Sur la question des ISG, les amendements seront surtout proposés par la majorité, Thibault Bazin, député LR, demandera que l’équipe puisse intégrer dans la décision un spécialiste de l’affection particulière de la femme. Il ne sera pas écouté. L’article 20 sera adopté sans beaucoup de modification à 53 voix contre 6…
Une fois de plus, les députés ont regretté un débat tronqué : la règle du temps partagé ne leur permettant de ne défendre « qu’un amendement sur quatre » pour les députés Les Républicains alors qu’il s’agit de débattre de sujets majeurs (cf. Projet de loi de bioéthique : les députés contestent le “temps législatif programmé”).

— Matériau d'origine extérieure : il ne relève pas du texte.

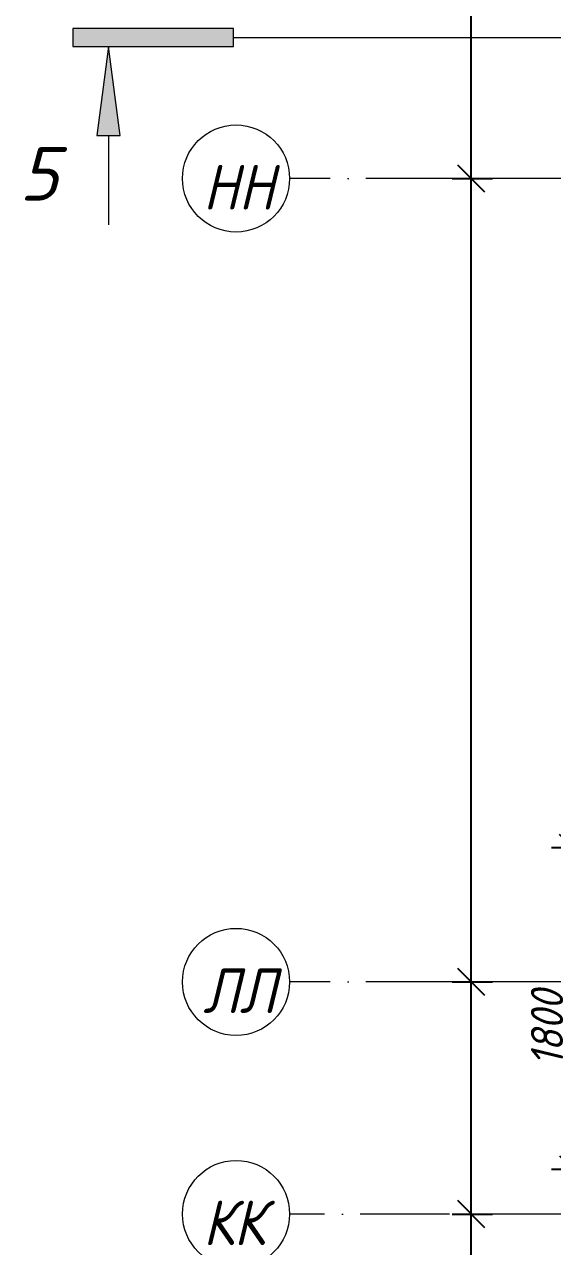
# Model space of a CAD drawing. Header units: millimetres. Extents: x -356862 to 418287, y 0 to 839748.
# Drawn here: x -181155 to -178196, y 606315 to 613160 of the extents above; entities that cross this region are included whole.
import ezdxf

# ---------------------------------------------------------------- set-up
doc = ezdxf.new("R2010")
doc.units = ezdxf.units.MM
doc.linetypes.add('50_200_ШТРИХ_1Т_ш5_п1_п1_', pattern=[700, 500, -100, 0, -100])
for name, color, linetype, lineweight in [('A-____-____-DIMS', 7, 'Continuous', 9), ('G-____-____-SYMB', 7, 'Continuous', 9), ('S-GRID-____-IDEN', 7, 'Continuous', 9), ('S-GRID-____-OTLN-1', 7, '50_200_ШТРИХ_1Т_ш5_п1_п1_', 9)]:
    doc.layers.add(name, color=color, linetype=linetype, lineweight=lineweight)
doc.layers.add('G-____-____-SYMB-2', color=7, linetype='Continuous', lineweight=9, true_color=0x000000)
doc.styles.add('ISOCPEUR_I', font='isocpeui.ttf', dxfattribs={"width": 0.9, "height": 2.5})
doc.styles.add('ISOCPEUR_I_10', font='isocpeui.ttf', dxfattribs={"width": 0.9, "height": 180})
doc.styles.add('ISOCPEUR_I_12', font='isocpeui.ttf', dxfattribs={"width": 0.9, "height": 180})
doc.styles.add('ISOCPEUR_I_13', font='isocpeui.ttf', dxfattribs={"height": 300})
doc.dimstyles.new('ISO-1_8_0_9К_СРЕДНИЙ_Кладочные_4', dxfattribs={"dimscale": 304.8, "dimtxt": 179.276612, "dimasz": 0.492126, "dimexe": 0.393701, "dimexo": 0, "dimgap": 0, "dimtad": 1, "dimdec": 3, "dimrnd": 0.001, "dimdsep": 46, "dimtxsty": 'ISOCPEUR_I_10', "dimblk1": 'OBLIQUE', "dimblk2": 'OBLIQUE', "dimsah": 1, "dimcen": 0.09, "dimdle": 0.393701, "dimazin": 0, "dimtfac": 1, "dimtdec": 4, "dimtix": 1, "dimtmove": 1, "dimatfit": 3, "dimfxl": 1, "dimtvp": 1, "dimtolj": 1, "dimtzin": 0, "dimarcsym": 2})
doc.dimstyles.new('ISO-2_5_0_9К_БОЛЬШОЙ_ОСИ', dxfattribs={"dimscale": 304.8, "dimtxt": 248.995294, "dimasz": 0.492126, "dimexe": 0.393701, "dimexo": 0, "dimgap": 0, "dimtad": 1, "dimdec": 0, "dimzin": 0, "dimdsep": 46, "dimtxsty": 'ISOCPEUR_I', "dimblk1": 'OBLIQUE', "dimblk2": 'OBLIQUE', "dimsah": 1, "dimcen": 0.09, "dimdle": 0.393701, "dimazin": 0, "dimtfac": 1, "dimtdec": 4, "dimtix": 1, "dimtmove": 0, "dimatfit": 3, "dimfxl": 1, "dimtvp": 1, "dimtolj": 1, "dimtzin": 0, "dimarcsym": 2})

# ---------------------------------------------------------------- blocks, each defined once
blk = doc.blocks.new('Ось сетки - Круг_Ø6_00__ISO-2_5_0_9K_-25732049-АР1_Кладочный план 1 этажа в осях 1-64_Ю-ЯЯ')
at = {"layer": 'S-GRID-____-IDEN'}
blk.add_circle((0, 0), 3, dxfattribs=at)
blk = doc.blocks.new('Разрез - Заголовок разреза-10218885-АР1_Кладочный план 1 этажа в осях 1-64_Ю-ЯЯ')
at = {"layer": 'G-____-____-SYMB'}
for points in [[(0, 0.5), (0, -0.5), (-9, -0.5), (-9, 0.5)], [(-6.342, -5.5), (-7.658, -5.5), (-7, -0.5)]]:
    blk.add_hatch(color=256, dxfattribs=at).paths.add_polyline_path(points, flags=0)
for p, q in [((0, 0.5), (-9, 0.5)), ((-9, 0.5), (-9, -0.5)), ((0, -0.5), (0, 0.5)), ((-9, -0.5), (0, -0.5)), ((-7, -0.5), (-7.658, -5.5)), ((-6.342, -5.5), (-7, -0.5)), ((-7.658, -5.5), (-6.342, -5.5)), ((-7, -5.5), (-7, -10.5))]:
    blk.add_line(p, q, dxfattribs=at)
blk = doc.blocks.new('_Oblique')
at = {"color": 0, "linetype": 'ByBlock', "lineweight": -2}
blk.add_line((-0.5, -0.5), (0.5, 0.5), dxfattribs=at)
blk = doc.blocks.new('*D11943')
at = {"layer": 'A-____-____-DIMS', "color": 0, "lineweight": -2, "transparency": 16777216}
for p, q in [((-178652.1, 603527.6), (-178652.1, 606617.6)), ((-178758.2, 606497.6), (-178532.1, 606497.6)), ((-178758.2, 603647.6), (-178532.1, 603647.6))]:
    blk.add_line(p, q, dxfattribs=at)
at = {"layer": 'Defpoints', "color": 0, "transparency": 16777216}
for p in [(-178758.2, 606497.6), (-178652.1, 606497.6), (-178758.2, 603647.6)]:
    blk.add_point(p, dxfattribs=at)
at = {"layer": 'A-____-____-DIMS', "color": 0, "lineweight": -2, "transparency": 16777216, "xscale": 150, "yscale": 150, "zscale": 150}
for p, rotation in [((-178652.1, 606497.6), 90), ((-178652.1, 603647.6), 270)]:
    blk.add_blockref('_Oblique', p, dxfattribs=dict(at, rotation=rotation))
at = {"layer": 'A-____-____-DIMS', "color": 0, "transparency": 16777216, "insert": (-178653.4, 605072.6), "char_height": 2.5, "width": 758.478, "attachment_point": 5, "rotation": 90, "style": 'ISOCPEUR_I'}
blk.add_mtext('\\A1;2850', dxfattribs=at)
blk = doc.blocks.new('*D11944')
at = {"layer": 'A-____-____-DIMS', "color": 0, "lineweight": -2, "transparency": 16777216}
for p, q in [((-178652.1, 606377.6), (-178652.1, 607917.6)), ((-178758.2, 607797.6), (-178532.1, 607797.6)), ((-178758.2, 606497.6), (-178532.1, 606497.6))]:
    blk.add_line(p, q, dxfattribs=at)
at = {"layer": 'Defpoints', "color": 0, "transparency": 16777216}
for p in [(-178758.2, 607797.6), (-178652.1, 607797.6), (-178758.2, 606497.6)]:
    blk.add_point(p, dxfattribs=at)
at = {"layer": 'A-____-____-DIMS', "color": 0, "lineweight": -2, "transparency": 16777216, "xscale": 150, "yscale": 150, "zscale": 150}
for p, rotation in [((-178652.1, 607797.6), 90), ((-178652.1, 606497.6), 270)]:
    blk.add_blockref('_Oblique', p, dxfattribs=dict(at, rotation=rotation))
at = {"layer": 'A-____-____-DIMS', "color": 0, "transparency": 16777216, "insert": (-178653.4, 607147.6), "char_height": 2.5, "width": 701.018, "attachment_point": 5, "rotation": 90, "style": 'ISOCPEUR_I'}
blk.add_mtext('\\A1;1300', dxfattribs=at)
blk = doc.blocks.new('*D11945')
at = {"layer": 'A-____-____-DIMS', "color": 0, "lineweight": -2, "transparency": 16777216}
for p, q in [((-178652.1, 607677.6), (-178652.1, 612417.6)), ((-178758.2, 612297.6), (-178532.1, 612297.6)), ((-178758.2, 607797.6), (-178532.1, 607797.6))]:
    blk.add_line(p, q, dxfattribs=at)
at = {"layer": 'Defpoints', "color": 0, "transparency": 16777216}
for p in [(-178758.2, 612297.6), (-178652.1, 612297.6), (-178758.2, 607797.6)]:
    blk.add_point(p, dxfattribs=at)
at = {"layer": 'A-____-____-DIMS', "color": 0, "lineweight": -2, "transparency": 16777216, "xscale": 150, "yscale": 150, "zscale": 150}
for p, rotation in [((-178652.1, 612297.6), 90), ((-178652.1, 607797.6), 270)]:
    blk.add_blockref('_Oblique', p, dxfattribs=dict(at, rotation=rotation))
at = {"layer": 'A-____-____-DIMS', "color": 0, "transparency": 16777216, "insert": (-178653.4, 610047.6), "char_height": 2.5, "width": 781.462, "attachment_point": 5, "rotation": 90, "style": 'ISOCPEUR_I'}
blk.add_mtext('\\A1;4500', dxfattribs=at)
blk = doc.blocks.new('*D11946')
at = {"layer": 'A-____-____-DIMS', "color": 0, "lineweight": -2, "transparency": 16777216}
for p, q in [((-178652.1, 612177.6), (-178652.1, 618117.6)), ((-178758.2, 617997.6), (-178532.1, 617997.6)), ((-178758.2, 612297.6), (-178532.1, 612297.6))]:
    blk.add_line(p, q, dxfattribs=at)
at = {"layer": 'Defpoints', "color": 0, "transparency": 16777216}
for p in [(-178758.2, 617997.6), (-178652.1, 617997.6), (-178758.2, 612297.6)]:
    blk.add_point(p, dxfattribs=at)
at = {"layer": 'A-____-____-DIMS', "color": 0, "lineweight": -2, "transparency": 16777216, "xscale": 150, "yscale": 150, "zscale": 150}
for p, rotation in [((-178652.1, 617997.6), 90), ((-178652.1, 612297.6), 270)]:
    blk.add_blockref('_Oblique', p, dxfattribs=dict(at, rotation=rotation))
at = {"layer": 'A-____-____-DIMS', "color": 0, "transparency": 16777216, "insert": (-178653.4, 615147.6), "char_height": 2.5, "width": 758.478, "attachment_point": 5, "rotation": 90, "style": 'ISOCPEUR_I'}
blk.add_mtext('\\A1;5700', dxfattribs=at)
blk = doc.blocks.new('*D12190')
at = {"layer": 'A-____-____-DIMS', "color": 0, "lineweight": -2, "transparency": 16777216}
for p, q in [((-178081.9, 608667.6), (-178081.9, 607777.4)), ((-177456.7, 608547.6), (-178201.9, 608547.6)), ((-178081.9, 606627.6), (-178081.9, 607379.4)), ((-177450.7, 606747.6), (-178201.9, 606747.6))]:
    blk.add_line(p, q, dxfattribs=at)
at = {"layer": 'Defpoints', "color": 0, "transparency": 16777216}
for p in [(-177456.7, 608547.6), (-178081.9, 606747.6), (-177450.7, 606747.6)]:
    blk.add_point(p, dxfattribs=at)
at = {"layer": 'A-____-____-DIMS', "color": 0, "lineweight": -2, "transparency": 16777216, "xscale": 150, "yscale": 150, "zscale": 150}
for p, rotation in [((-178081.9, 608547.6), 90), ((-178081.9, 606747.6), 270)]:
    blk.add_blockref('_Oblique', p, dxfattribs=dict(at, rotation=rotation))
at = {"layer": 'A-____-____-DIMS', "color": 0, "transparency": 16777216, "insert": (-178317.1, 607326), "char_height": 180, "width": 504.733, "attachment_point": 1, "rotation": 90, "line_spacing_factor": 1.149209, "style": 'ISOCPEUR_I_10'}
blk.add_mtext('\\A1;1800', dxfattribs=at)

msp = doc.modelspace()

# ---------------------------------------------------------------- linework, layer by layer
at = {"layer": 'G-____-____-SYMB-2'}
msp.add_line((-179984.5837, 613087.5526), (-70594.3281, 613087.5526), dxfattribs=at)
at = {"layer": 'S-GRID-____-OTLN-1'}
for p, q in [((-70926.3291, 612297.5526), (-179669.5059, 612297.5526)), ((-70926.3291, 607797.5526), (-179669.5059, 607797.5526)), ((-164071.3552, 606497.5526), (-179669.5059, 606497.5526))]:
    msp.add_line(p, q, dxfattribs=at)

# ---------------------------------------------------------------- block references
at = {"layer": 'G-____-____-SYMB', "xscale": 99.99999999999993, "yscale": 99.99999999999993, "zscale": 99.99999999999993}
msp.add_blockref('Разрез - Заголовок разреза-10218885-АР1_Кладочный план 1 этажа в осях 1-64_Ю-ЯЯ', (-179984.5837, 613087.5526), dxfattribs=at)
at = {"layer": 'S-GRID-____-IDEN', "xscale": 99.99999999999993, "yscale": 99.99999999999993, "zscale": 99.99999999999993, "rotation": 89.9999999999998}
for p in [(-179969.5059, 612297.5526), (-179969.5059, 607797.5526), (-179969.5059, 606497.5526)]:
    msp.add_blockref('Ось сетки - Круг_Ø6_00__ISO-2_5_0_9K_-25732049-АР1_Кладочный план 1 этажа в осях 1-64_Ю-ЯЯ', p, dxfattribs=at)

# ---------------------------------------------------------------- texts
at = {"layer": 'G-____-____-SYMB', "insert": (-181184.3503, 612473.7462), "char_height": 300, "width": 256.54, "attachment_point": 1, "style": 'ISOCPEUR_I_13'}
msp.add_mtext('\\fISOCPEUR|b0|i1|c204|p34|;5', dxfattribs=at)
at = {"layer": 'S-GRID-____-IDEN', "char_height": 250, "width": 447.341625, "attachment_point": 1, "style": 'ISOCPEUR_I_12'}
for s, insert in [('НН', (-180154.5764, 612373.6284)), ('ЛЛ', (-180154.5764, 607873.6284)), ('КК', (-180154.5764, 606573.6284))]:
    msp.add_mtext(s, dxfattribs=dict(at, insert=insert))

# ---------------------------------------------------------------- dimensions: what is measured, and where the dimension line sits
at = {"layer": 'A-____-____-DIMS'}
for base, p1, p2, override, picture, middle in [((-178652.1313, 617997.5526), (-178758.1973, 612297.5526), (-178758.1973, 617997.5526), {"dimpost": '<>', "dimfxl": 5700}, '*D11946', (-178653.3974, 615147.5526)), ((-178652.1313, 612297.5526), (-178758.1973, 607797.5526), (-178758.1973, 612297.5526), {"dimpost": '<>', "dimfxl": 4500}, '*D11945', (-178653.3813, 610047.5526)), ((-178652.1313, 607797.5526), (-178758.1973, 606497.5526), (-178758.1973, 607797.5526), {"dimpost": '<>', "dimfxl": 1300}, '*D11944', (-178653.3813, 607147.5526)), ((-178652.1313, 606497.5526), (-178758.1973, 603647.5526), (-178758.1973, 606497.5526), {"dimpost": '<>', "dimfxl": 2850}, '*D11943', (-178653.3813, 605072.5526))]:
    dim = msp.add_linear_dim(base=base, p1=p1, p2=p2, angle=90, dimstyle='ISO-2_5_0_9К_БОЛЬШОЙ_ОСИ', override=override, dxfattribs=at)
    dim.commit()
    dim.dimension.update_dxf_attribs({"geometry": picture, "text_midpoint": middle})
dim = msp.add_linear_dim(base=(-178081.9076, 606747.5526), p1=(-177456.7357, 608547.5526), p2=(-177450.7357, 606747.5526), angle=90, dimstyle='ISO-1_8_0_9К_СРЕДНИЙ_Кладочные_4', override={"dimpost": '<>', "dimfxl": 1800.01}, dxfattribs=at)
dim.commit()
dim.dimension.update_dxf_attribs({"geometry": '*D12190', "text_midpoint": (-178197.0696, 607578.3886), "dimtype": 160, "text_rotation": 90})

doc.saveas('drawing.dxf')

Mercredi dans l’après-midi, comme la ministre de la Justice l’avait annoncé, l’article concernant la reconnaissance automatique en France de la filiation d’enfants conçus par GPA (mère porteuse) dans un pays étranger où la pratique est autorisée (cf. Projet de loi de bioéthique : De la PMA pour toutes à la GPA ) a été remis au vote et rejeté à une large majorité 139 voix contre 23 et 7 abstentions. Le gouvernement ne souhaite pas « ouvrir une brèche dans la prohibition de la GPA, prohibition qu’il souhaite absolument maintenir ». La ministre de la justice, Nicole Belloubet, a considéré que l’arrêt de la Cour de cassation qui a été prononcé le 4 octobre après le vote, la veille, de l’amendement, « tranche un cas d’espèce, réaffirme la conformité du droit français actuel aux dispositions de la Convention européenne des droits de l’Homme » (cf. GPA et affaire Mennesson : la Cour de Cassation permet la transcription de la mère d’intention sur l’acte de naissance ).
A l’issue de cette première lecture du projet de loi de bioéthique à l’Assemblée nationale, le vote solennel de la loi doit avoir lieu le 15 octobre prochain.